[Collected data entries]
- Opening Delimiter -

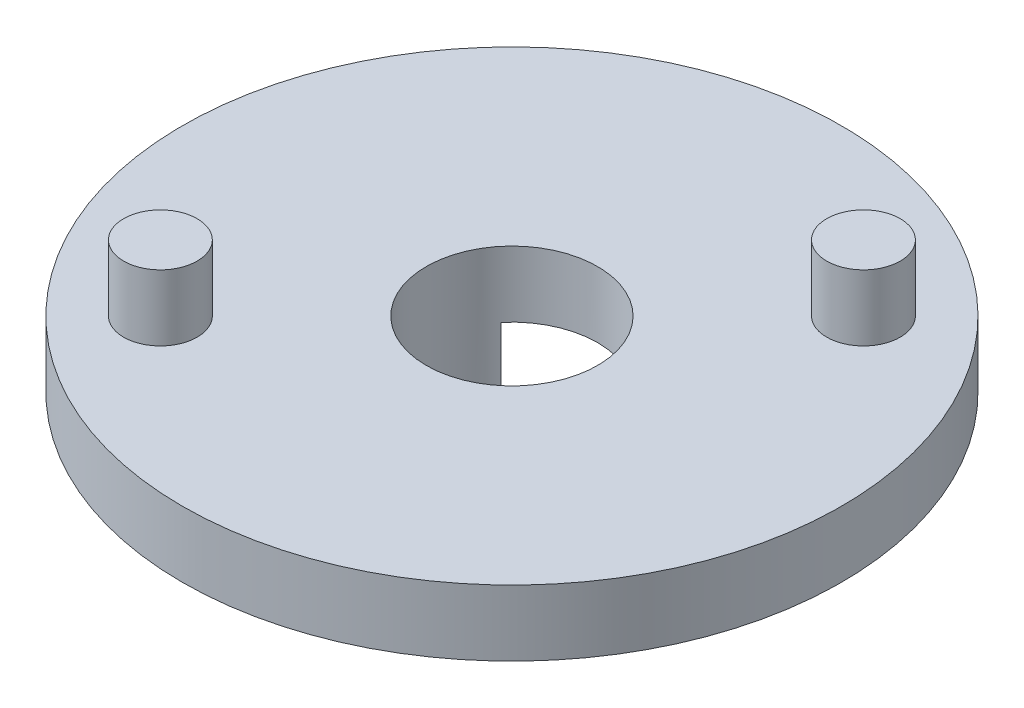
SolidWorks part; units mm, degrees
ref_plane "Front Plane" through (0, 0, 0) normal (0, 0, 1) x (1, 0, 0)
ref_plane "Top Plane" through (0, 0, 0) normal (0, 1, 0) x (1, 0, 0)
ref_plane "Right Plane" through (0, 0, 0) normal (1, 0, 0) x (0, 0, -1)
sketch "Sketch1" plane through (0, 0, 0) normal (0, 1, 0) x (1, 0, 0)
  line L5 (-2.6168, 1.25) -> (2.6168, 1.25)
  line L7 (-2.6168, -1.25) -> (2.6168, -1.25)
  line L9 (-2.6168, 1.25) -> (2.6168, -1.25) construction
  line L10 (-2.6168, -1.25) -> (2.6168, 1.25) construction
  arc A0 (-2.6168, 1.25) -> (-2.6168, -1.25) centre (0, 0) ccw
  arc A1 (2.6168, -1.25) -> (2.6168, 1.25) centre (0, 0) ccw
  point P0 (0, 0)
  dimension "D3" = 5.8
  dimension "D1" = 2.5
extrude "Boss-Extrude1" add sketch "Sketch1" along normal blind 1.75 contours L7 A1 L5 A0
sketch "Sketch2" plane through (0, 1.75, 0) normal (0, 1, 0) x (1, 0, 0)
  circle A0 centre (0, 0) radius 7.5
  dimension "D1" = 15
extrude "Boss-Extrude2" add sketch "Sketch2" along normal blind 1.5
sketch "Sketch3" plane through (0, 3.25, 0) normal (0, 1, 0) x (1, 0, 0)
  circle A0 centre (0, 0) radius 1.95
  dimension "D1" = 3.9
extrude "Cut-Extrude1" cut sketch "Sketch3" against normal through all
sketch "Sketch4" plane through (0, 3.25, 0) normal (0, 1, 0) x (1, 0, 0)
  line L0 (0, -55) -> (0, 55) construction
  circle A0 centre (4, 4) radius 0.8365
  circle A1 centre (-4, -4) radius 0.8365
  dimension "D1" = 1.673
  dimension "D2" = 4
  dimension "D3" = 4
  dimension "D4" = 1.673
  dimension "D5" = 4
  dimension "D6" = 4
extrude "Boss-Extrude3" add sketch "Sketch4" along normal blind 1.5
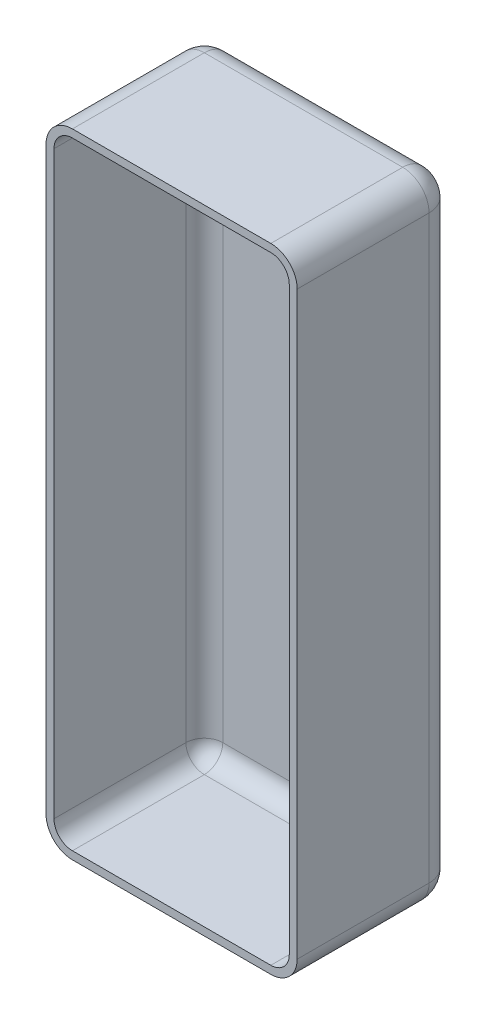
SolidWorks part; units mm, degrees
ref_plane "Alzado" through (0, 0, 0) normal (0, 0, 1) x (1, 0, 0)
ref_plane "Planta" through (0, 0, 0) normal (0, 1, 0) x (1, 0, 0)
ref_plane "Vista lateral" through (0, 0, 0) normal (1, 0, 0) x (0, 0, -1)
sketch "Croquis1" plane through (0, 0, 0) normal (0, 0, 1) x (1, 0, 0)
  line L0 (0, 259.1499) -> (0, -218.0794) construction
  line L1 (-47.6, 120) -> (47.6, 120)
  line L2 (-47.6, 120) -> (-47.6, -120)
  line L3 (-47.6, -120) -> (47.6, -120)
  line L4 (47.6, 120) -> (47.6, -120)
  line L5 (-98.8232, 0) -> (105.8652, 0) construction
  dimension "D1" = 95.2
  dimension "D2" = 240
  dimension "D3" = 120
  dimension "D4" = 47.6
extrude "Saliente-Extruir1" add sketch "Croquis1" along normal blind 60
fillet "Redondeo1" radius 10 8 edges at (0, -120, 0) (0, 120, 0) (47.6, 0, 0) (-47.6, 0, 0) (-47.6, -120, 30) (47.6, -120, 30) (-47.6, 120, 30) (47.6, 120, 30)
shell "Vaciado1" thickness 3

- Closing Delimiter -

Where a picture appears, omit it; otherwise reproduce each line above from the first to the one with "circle A0 centre (0, 0) radius 7.5", inclusive.

=== ANSWER BOX ===
SolidWorks part; units mm, degrees
ref_plane "Front Plane" through (0, 0, 0) normal (0, 0, 1) x (1, 0, 0)
ref_plane "Top Plane" through (0, 0, 0) normal (0, 1, 0) x (1, 0, 0)
ref_plane "Right Plane" through (0, 0, 0) normal (1, 0, 0) x (0, 0, -1)
sketch "Sketch1" plane through (0, 0, 0) normal (0, 1, 0) x (1, 0, 0)
  line L5 (-2.6168, 1.25) -> (2.6168, 1.25)
  line L7 (-2.6168, -1.25) -> (2.6168, -1.25)
  line L9 (-2.6168, 1.25) -> (2.6168, -1.25) construction
  line L10 (-2.6168, -1.25) -> (2.6168, 1.25) construction
  arc A0 (-2.6168, 1.25) -> (-2.6168, -1.25) centre (0, 0) ccw
  arc A1 (2.6168, -1.25) -> (2.6168, 1.25) centre (0, 0) ccw
  point P0 (0, 0)
  dimension "D3" = 5.8
  dimension "D1" = 2.5
extrude "Boss-Extrude1" add sketch "Sketch1" along normal blind 1.75 contours L7 A1 L5 A0
sketch "Sketch2" plane through (0, 1.75, 0) normal (0, 1, 0) x (1, 0, 0)
  circle A0 centre (0, 0) radius 7.5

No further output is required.